____ MATERIAL SHOWN

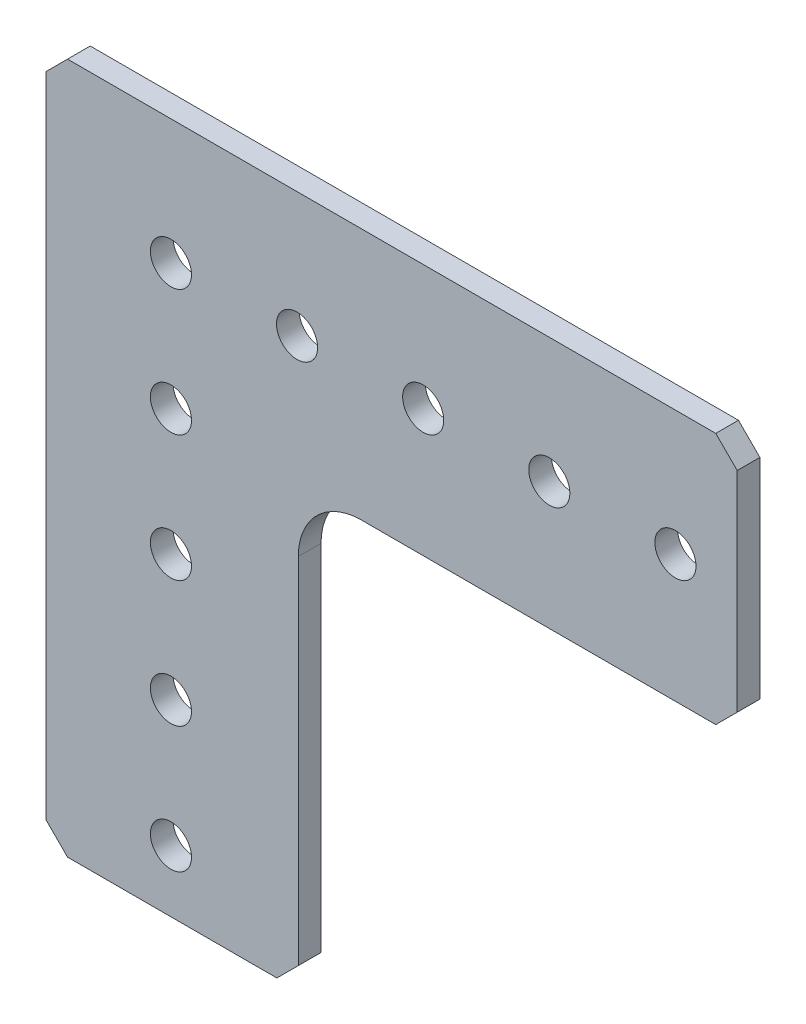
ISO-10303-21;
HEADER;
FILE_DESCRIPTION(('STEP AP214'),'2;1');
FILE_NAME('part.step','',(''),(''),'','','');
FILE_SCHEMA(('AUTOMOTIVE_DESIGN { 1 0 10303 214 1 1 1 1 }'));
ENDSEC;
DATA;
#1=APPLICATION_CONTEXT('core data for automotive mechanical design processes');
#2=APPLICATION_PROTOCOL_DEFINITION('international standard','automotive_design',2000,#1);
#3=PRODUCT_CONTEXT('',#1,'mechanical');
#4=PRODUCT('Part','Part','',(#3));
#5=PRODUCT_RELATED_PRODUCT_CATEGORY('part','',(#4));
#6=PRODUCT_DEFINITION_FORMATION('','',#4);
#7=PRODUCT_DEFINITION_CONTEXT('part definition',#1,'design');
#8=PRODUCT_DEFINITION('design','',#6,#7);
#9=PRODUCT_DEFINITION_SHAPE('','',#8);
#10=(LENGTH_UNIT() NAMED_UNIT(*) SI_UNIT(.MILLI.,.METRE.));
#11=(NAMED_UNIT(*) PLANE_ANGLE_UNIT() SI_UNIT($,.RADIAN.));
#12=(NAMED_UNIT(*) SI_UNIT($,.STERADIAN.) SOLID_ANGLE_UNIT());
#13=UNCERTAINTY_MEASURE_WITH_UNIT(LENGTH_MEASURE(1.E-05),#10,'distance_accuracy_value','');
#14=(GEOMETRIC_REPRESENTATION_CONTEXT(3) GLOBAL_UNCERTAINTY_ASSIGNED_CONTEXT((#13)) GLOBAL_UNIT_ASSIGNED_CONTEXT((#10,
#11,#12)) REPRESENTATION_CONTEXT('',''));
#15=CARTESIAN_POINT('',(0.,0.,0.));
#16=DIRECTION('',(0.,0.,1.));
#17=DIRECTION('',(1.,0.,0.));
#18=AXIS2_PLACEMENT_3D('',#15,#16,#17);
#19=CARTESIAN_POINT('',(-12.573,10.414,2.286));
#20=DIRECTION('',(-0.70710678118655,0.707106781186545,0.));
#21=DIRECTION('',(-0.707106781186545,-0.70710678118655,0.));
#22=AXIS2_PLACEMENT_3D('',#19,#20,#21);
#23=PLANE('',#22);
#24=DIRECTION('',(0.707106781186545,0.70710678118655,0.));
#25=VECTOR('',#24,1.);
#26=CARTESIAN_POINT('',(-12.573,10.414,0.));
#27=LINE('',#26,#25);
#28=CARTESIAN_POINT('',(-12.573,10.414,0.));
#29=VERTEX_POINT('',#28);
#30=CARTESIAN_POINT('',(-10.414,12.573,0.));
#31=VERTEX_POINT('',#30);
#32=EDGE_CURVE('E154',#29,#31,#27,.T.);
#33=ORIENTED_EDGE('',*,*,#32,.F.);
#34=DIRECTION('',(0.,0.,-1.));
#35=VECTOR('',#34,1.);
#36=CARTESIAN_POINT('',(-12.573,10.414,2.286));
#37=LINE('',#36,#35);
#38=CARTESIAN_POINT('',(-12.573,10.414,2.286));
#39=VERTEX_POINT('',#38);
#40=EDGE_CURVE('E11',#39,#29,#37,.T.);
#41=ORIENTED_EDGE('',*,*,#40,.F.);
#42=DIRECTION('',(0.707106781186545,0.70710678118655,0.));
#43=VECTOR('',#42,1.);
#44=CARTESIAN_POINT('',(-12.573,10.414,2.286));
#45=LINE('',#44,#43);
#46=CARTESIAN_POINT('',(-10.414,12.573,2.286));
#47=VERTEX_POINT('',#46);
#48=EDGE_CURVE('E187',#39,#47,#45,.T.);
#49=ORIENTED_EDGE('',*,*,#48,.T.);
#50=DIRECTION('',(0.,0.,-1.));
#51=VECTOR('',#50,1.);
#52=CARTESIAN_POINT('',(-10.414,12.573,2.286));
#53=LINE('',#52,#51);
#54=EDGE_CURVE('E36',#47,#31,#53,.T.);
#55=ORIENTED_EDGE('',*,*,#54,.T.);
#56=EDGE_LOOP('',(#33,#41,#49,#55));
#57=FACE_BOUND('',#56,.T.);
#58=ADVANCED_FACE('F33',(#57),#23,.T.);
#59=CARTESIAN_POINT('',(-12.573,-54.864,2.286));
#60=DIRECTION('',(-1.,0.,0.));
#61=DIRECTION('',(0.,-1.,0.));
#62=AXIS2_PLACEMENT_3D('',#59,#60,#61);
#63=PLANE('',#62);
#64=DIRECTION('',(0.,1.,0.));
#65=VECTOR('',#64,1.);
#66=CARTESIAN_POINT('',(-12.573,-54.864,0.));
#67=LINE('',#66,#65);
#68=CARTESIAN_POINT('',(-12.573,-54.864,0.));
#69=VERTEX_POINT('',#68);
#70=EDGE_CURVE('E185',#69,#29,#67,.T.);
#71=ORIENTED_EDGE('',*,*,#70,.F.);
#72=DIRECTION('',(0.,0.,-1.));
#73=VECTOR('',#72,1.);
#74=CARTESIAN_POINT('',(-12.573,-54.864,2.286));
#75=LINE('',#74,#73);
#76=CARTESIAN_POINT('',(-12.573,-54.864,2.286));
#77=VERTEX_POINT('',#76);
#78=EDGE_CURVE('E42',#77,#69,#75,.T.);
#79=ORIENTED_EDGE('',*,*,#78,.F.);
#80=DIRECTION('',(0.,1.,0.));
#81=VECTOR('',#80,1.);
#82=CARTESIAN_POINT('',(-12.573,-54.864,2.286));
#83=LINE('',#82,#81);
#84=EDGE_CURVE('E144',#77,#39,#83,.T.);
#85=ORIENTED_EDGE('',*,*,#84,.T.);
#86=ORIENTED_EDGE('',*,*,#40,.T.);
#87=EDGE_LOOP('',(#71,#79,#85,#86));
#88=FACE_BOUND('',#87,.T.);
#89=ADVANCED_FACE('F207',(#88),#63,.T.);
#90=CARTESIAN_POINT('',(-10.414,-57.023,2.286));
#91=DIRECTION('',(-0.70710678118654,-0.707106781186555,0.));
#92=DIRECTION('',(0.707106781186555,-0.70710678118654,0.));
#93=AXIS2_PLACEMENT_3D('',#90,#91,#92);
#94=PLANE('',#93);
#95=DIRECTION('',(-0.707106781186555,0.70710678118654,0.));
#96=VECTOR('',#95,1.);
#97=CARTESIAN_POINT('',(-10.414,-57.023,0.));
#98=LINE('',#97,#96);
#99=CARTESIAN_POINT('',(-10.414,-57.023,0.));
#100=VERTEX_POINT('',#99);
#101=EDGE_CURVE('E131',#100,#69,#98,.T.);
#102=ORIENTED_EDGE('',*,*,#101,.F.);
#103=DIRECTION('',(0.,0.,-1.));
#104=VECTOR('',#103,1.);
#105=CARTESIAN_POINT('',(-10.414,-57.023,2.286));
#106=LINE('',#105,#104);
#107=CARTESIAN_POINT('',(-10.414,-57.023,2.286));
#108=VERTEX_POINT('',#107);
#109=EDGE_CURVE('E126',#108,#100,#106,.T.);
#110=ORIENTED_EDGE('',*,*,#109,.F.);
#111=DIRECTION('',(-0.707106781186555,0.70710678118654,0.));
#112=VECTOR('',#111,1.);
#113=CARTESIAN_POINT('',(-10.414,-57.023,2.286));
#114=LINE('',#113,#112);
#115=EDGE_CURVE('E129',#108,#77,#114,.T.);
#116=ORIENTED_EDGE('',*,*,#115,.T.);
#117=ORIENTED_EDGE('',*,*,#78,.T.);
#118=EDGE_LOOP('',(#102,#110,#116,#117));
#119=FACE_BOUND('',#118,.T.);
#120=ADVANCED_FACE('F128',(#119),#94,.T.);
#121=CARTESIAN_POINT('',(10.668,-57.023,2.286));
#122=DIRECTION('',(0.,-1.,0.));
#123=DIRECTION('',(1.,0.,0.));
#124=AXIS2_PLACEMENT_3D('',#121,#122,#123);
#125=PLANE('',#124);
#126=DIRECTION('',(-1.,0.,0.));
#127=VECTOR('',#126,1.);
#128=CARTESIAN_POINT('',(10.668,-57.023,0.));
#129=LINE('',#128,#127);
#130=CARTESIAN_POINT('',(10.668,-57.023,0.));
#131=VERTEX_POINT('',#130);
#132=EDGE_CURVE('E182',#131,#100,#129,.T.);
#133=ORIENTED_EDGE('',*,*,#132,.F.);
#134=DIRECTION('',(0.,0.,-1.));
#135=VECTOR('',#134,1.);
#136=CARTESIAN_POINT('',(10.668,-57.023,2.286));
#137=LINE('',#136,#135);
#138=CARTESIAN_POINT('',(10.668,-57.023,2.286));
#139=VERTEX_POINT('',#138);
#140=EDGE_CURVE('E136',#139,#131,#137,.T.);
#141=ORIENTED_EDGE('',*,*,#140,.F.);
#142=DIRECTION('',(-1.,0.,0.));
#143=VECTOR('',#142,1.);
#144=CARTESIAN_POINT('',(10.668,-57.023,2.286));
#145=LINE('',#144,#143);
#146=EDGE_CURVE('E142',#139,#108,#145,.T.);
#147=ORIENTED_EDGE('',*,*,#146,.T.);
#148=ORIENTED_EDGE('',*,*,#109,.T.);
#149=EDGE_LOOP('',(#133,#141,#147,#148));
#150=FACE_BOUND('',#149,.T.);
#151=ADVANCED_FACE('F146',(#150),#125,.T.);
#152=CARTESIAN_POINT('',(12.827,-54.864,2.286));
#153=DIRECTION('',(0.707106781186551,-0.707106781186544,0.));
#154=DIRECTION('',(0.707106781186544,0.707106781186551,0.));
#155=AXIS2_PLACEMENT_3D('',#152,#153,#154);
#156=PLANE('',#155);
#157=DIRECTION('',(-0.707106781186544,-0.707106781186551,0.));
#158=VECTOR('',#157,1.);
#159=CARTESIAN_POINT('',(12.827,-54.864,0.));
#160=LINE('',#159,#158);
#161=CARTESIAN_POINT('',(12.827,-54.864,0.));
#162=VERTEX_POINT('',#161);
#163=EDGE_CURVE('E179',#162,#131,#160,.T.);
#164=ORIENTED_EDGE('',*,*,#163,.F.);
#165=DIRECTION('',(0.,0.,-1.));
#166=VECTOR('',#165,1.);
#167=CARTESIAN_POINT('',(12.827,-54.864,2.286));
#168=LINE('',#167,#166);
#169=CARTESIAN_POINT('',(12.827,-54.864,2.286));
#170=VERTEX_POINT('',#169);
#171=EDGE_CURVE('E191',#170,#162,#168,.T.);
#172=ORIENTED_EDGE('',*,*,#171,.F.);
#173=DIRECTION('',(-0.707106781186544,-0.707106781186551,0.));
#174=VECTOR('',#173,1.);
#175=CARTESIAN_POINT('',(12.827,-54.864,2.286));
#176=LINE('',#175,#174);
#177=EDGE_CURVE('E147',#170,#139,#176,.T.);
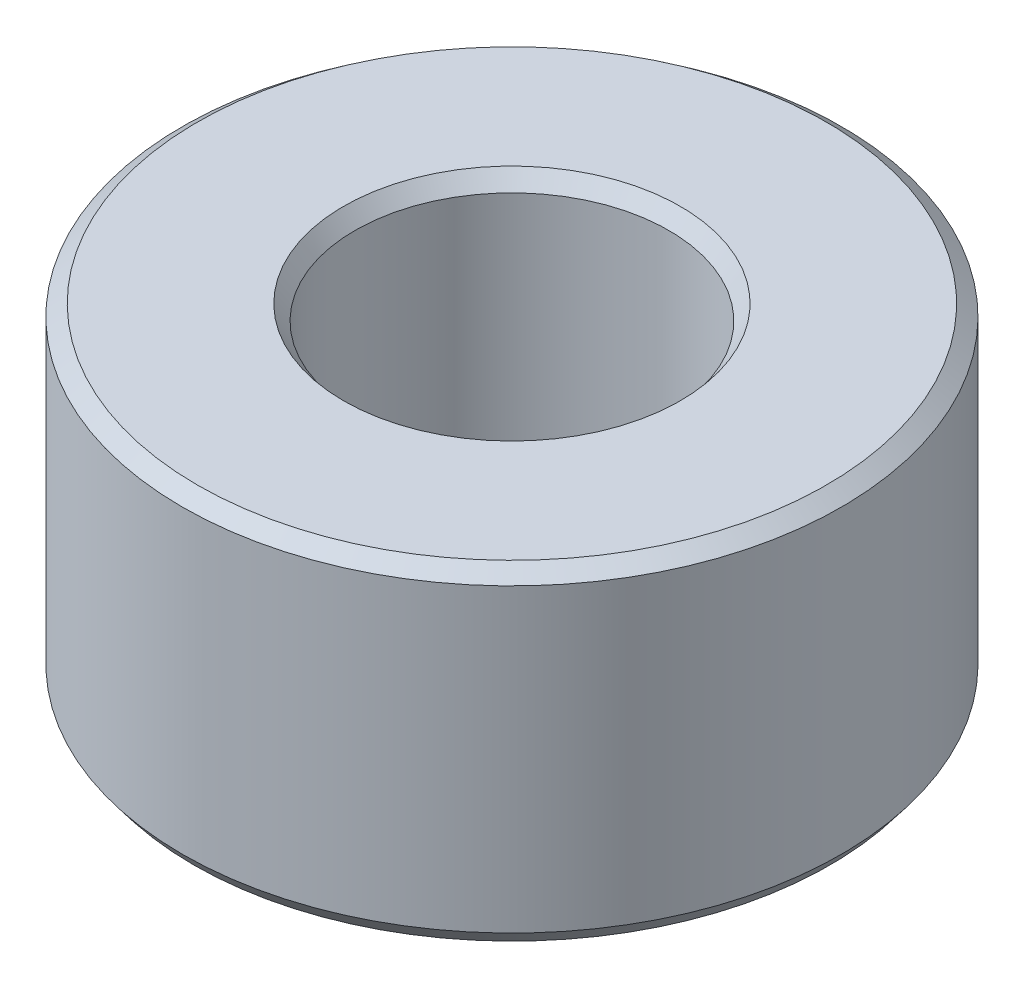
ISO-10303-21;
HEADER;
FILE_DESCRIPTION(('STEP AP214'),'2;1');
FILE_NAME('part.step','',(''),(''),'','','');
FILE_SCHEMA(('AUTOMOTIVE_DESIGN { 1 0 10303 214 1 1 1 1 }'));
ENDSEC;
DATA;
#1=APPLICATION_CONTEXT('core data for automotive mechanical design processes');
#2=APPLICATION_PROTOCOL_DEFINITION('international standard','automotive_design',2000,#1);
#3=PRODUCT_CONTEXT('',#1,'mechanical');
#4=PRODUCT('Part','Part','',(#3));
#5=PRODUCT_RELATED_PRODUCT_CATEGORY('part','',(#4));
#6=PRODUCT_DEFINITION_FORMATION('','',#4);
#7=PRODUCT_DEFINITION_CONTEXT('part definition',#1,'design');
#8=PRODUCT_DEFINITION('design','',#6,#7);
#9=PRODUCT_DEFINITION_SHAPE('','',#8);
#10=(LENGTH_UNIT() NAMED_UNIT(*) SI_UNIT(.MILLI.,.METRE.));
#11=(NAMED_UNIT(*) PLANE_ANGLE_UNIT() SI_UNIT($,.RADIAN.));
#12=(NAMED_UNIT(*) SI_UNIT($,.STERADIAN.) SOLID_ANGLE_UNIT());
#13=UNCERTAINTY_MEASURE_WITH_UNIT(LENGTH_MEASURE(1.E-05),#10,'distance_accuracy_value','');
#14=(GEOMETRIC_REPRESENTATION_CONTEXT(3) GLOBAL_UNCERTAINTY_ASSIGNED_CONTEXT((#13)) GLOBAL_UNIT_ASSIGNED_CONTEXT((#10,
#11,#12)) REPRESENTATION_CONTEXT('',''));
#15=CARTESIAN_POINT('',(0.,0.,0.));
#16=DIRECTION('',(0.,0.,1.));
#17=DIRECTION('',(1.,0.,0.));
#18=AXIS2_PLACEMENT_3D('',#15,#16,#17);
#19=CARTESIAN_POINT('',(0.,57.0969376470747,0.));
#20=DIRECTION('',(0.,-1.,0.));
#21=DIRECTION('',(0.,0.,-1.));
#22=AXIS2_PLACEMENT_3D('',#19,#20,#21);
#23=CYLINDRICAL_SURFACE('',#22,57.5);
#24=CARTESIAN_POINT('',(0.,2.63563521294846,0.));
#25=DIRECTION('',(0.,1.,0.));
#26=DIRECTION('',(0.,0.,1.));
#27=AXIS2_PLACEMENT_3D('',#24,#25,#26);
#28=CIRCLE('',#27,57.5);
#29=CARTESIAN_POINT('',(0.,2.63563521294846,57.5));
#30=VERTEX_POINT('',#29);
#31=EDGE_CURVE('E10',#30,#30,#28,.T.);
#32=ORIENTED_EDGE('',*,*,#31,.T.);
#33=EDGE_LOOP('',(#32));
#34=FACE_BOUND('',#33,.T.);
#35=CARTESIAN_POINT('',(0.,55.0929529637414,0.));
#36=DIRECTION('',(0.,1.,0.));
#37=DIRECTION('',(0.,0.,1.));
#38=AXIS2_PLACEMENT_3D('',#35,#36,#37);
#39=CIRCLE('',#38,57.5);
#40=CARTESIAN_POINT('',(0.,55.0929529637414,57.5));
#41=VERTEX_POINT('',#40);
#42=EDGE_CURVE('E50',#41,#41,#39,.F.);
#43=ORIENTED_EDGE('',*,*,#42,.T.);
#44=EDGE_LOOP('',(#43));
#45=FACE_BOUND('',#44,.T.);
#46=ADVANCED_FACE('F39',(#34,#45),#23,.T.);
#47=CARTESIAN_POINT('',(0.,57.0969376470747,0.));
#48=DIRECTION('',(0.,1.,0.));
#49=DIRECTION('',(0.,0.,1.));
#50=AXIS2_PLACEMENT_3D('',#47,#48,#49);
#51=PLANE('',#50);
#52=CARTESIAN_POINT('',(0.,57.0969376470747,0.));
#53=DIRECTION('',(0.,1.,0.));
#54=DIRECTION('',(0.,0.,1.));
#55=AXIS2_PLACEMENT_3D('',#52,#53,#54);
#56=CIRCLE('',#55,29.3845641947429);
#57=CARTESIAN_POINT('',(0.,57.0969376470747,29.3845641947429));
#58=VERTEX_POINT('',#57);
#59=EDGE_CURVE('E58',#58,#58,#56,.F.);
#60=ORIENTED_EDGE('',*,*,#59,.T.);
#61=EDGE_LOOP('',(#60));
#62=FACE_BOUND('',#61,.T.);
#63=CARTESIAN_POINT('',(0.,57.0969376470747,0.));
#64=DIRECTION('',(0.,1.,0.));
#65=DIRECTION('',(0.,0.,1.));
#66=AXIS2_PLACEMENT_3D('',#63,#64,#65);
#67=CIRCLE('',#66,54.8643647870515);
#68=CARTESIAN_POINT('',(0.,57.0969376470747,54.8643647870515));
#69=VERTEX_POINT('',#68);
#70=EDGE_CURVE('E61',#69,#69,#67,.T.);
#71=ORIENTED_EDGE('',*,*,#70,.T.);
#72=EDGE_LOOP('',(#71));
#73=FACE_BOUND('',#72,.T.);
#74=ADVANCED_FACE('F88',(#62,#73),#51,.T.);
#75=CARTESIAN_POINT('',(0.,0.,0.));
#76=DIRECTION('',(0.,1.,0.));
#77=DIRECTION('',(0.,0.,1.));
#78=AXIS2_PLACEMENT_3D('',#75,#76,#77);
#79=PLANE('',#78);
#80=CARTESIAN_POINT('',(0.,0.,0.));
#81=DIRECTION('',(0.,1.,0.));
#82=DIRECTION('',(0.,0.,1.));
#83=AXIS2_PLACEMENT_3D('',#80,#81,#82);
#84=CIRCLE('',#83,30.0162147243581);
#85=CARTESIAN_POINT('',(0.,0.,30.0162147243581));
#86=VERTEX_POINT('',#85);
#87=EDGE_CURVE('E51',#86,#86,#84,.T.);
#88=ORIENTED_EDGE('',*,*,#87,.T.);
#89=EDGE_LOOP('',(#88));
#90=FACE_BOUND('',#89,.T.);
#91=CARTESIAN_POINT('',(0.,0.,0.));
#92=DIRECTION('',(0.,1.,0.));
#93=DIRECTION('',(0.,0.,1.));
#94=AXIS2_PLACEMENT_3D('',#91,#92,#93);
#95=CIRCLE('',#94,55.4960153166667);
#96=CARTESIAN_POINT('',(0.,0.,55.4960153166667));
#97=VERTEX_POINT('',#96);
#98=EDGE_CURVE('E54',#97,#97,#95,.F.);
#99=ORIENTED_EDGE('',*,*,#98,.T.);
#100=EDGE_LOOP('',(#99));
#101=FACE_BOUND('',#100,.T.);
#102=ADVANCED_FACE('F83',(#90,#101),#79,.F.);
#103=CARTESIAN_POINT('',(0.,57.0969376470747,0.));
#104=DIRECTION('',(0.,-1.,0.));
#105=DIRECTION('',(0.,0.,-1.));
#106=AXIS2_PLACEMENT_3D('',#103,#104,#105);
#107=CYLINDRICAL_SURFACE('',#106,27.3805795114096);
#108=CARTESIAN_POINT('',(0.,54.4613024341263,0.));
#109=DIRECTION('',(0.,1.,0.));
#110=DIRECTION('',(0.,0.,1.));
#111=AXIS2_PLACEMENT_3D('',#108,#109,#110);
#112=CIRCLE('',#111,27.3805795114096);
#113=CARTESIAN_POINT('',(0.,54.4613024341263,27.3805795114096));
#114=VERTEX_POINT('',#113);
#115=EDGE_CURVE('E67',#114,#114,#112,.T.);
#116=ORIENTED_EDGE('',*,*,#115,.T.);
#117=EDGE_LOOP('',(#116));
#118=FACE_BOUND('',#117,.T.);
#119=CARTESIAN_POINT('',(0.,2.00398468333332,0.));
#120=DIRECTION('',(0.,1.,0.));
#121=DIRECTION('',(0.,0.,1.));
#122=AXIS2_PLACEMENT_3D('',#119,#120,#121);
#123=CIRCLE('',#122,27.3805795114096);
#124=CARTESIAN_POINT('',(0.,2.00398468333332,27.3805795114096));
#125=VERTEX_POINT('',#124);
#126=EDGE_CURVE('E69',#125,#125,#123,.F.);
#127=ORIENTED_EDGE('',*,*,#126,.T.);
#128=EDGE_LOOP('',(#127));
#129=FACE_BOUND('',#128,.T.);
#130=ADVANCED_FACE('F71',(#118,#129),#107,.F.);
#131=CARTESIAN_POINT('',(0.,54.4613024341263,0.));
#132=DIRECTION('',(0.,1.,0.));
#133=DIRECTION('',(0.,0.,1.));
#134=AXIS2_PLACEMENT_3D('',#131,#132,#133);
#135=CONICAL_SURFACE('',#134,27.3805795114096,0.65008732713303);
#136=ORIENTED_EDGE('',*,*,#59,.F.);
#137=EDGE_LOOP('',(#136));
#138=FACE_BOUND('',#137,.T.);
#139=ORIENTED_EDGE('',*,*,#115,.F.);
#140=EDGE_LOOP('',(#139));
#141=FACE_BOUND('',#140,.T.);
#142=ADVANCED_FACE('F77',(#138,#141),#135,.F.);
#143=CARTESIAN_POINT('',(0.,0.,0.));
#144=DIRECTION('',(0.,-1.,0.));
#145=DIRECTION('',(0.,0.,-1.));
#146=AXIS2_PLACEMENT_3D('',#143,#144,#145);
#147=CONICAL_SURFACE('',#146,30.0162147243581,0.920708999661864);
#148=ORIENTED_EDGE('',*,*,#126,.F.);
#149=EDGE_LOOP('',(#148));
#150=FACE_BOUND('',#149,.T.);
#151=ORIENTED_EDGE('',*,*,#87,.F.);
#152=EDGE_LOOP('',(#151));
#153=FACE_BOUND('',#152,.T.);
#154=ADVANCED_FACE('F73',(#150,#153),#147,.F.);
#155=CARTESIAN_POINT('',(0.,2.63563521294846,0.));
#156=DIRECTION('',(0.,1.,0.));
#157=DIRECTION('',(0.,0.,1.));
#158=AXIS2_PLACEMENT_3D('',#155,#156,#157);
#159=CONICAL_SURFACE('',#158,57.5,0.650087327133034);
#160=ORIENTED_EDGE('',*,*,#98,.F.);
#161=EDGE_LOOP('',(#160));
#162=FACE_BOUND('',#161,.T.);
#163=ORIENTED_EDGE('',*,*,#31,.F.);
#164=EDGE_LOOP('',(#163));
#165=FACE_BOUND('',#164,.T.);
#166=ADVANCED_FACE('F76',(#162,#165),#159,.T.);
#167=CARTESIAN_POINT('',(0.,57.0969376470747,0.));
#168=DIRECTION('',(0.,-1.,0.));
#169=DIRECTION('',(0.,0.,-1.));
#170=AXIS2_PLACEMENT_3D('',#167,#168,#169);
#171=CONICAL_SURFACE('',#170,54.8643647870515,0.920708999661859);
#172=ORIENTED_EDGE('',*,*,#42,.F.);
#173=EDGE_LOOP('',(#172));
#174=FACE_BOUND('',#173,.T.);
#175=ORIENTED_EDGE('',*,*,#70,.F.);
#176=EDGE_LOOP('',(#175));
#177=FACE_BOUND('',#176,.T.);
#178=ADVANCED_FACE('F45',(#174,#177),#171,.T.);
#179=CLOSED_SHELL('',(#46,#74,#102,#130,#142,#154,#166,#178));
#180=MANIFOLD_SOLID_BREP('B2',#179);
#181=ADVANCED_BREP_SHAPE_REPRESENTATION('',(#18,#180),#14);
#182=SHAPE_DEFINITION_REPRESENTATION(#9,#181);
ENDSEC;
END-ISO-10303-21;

________

» **EXERCISE PROMPT**
Since only part of the listing is wanted, copy exactly the lines from the one holding "#142=ADVANCED_FACE('F77',(#138,#141),#135,.F.);" to the one holding "#176=EDGE_LOOP('',(#175));", both included.

» **REPLY**
#142=ADVANCED_FACE('F77',(#138,#141),#135,.F.);
#143=CARTESIAN_POINT('',(0.,0.,0.));
#144=DIRECTION('',(0.,-1.,0.));
#145=DIRECTION('',(0.,0.,-1.));
#146=AXIS2_PLACEMENT_3D('',#143,#144,#145);
#147=CONICAL_SURFACE('',#146,30.0162147243581,0.920708999661864);
#148=ORIENTED_EDGE('',*,*,#126,.F.);
#149=EDGE_LOOP('',(#148));
#150=FACE_BOUND('',#149,.T.);
#151=ORIENTED_EDGE('',*,*,#87,.F.);
#152=EDGE_LOOP('',(#151));
#153=FACE_BOUND('',#152,.T.);
#154=ADVANCED_FACE('F73',(#150,#153),#147,.F.);
#155=CARTESIAN_POINT('',(0.,2.63563521294846,0.));
#156=DIRECTION('',(0.,1.,0.));
#157=DIRECTION('',(0.,0.,1.));
#158=AXIS2_PLACEMENT_3D('',#155,#156,#157);
#159=CONICAL_SURFACE('',#158,57.5,0.650087327133034);
#160=ORIENTED_EDGE('',*,*,#98,.F.);
#161=EDGE_LOOP('',(#160));
#162=FACE_BOUND('',#161,.T.);
#163=ORIENTED_EDGE('',*,*,#31,.F.);
#164=EDGE_LOOP('',(#163));
#165=FACE_BOUND('',#164,.T.);
#166=ADVANCED_FACE('F76',(#162,#165),#159,.T.);
#167=CARTESIAN_POINT('',(0.,57.0969376470747,0.));
#168=DIRECTION('',(0.,-1.,0.));
#169=DIRECTION('',(0.,0.,-1.));
#170=AXIS2_PLACEMENT_3D('',#167,#168,#169);
#171=CONICAL_SURFACE('',#170,54.8643647870515,0.920708999661859);
#172=ORIENTED_EDGE('',*,*,#42,.F.);
#173=EDGE_LOOP('',(#172));
#174=FACE_BOUND('',#173,.T.);
#175=ORIENTED_EDGE('',*,*,#70,.F.);
#176=EDGE_LOOP('',(#175));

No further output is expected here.